**Entries taken from a collection**.
========================

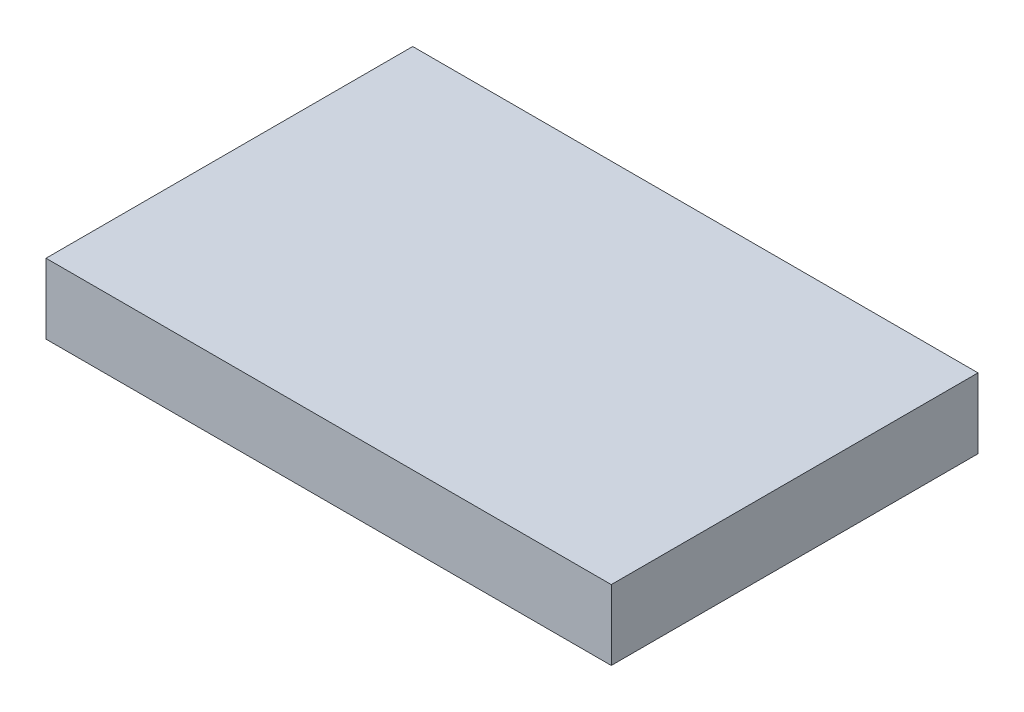
SolidWorks part; units mm, degrees
ref_plane "Front Plane" through (0, 0, 0) normal (0, 0, 1) x (1, 0, 0)
ref_plane "Top Plane" through (0, 0, 0) normal (0, 1, 0) x (1, 0, 0)
ref_plane "Right Plane" through (0, 0, 0) normal (1, 0, 0) x (0, 0, -1)
sketch "Sketch1" plane through (0, 0, 0) normal (0, 1, 0) x (1, 0, 0)
  line L1 (16.7, 343.2577) -> (631.38, 343.2577)
  line L2 (16.7, 343.2577) -> (16.7, -55.5223)
  line L3 (16.7, -55.5223) -> (631.38, -55.5223)
  line L4 (631.38, 343.2577) -> (631.38, -55.5223)
extrude "Boss-Extrude2" add sketch "Sketch1" along normal blind 76.2

========================

Reproduce, word for word, every line from the start of the records down to and including the line with "line L4 (631.38, 343.2577)"; skip the pictures.

**RESPONSE TO THE EXERCISE**.
SolidWorks part; units mm, degrees
ref_plane "Front Plane" through (0, 0, 0) normal (0, 0, 1) x (1, 0, 0)
ref_plane "Top Plane" through (0, 0, 0) normal (0, 1, 0) x (1, 0, 0)
ref_plane "Right Plane" through (0, 0, 0) normal (1, 0, 0) x (0, 0, -1)
sketch "Sketch1" plane through (0, 0, 0) normal (0, 1, 0) x (1, 0, 0)
  line L1 (16.7, 343.2577) -> (631.38, 343.2577)
  line L2 (16.7, 343.2577) -> (16.7, -55.5223)
  line L3 (16.7, -55.5223) -> (631.38, -55.5223)
  line L4 (631.38, 343.2577) -> (631.38, -55.5223)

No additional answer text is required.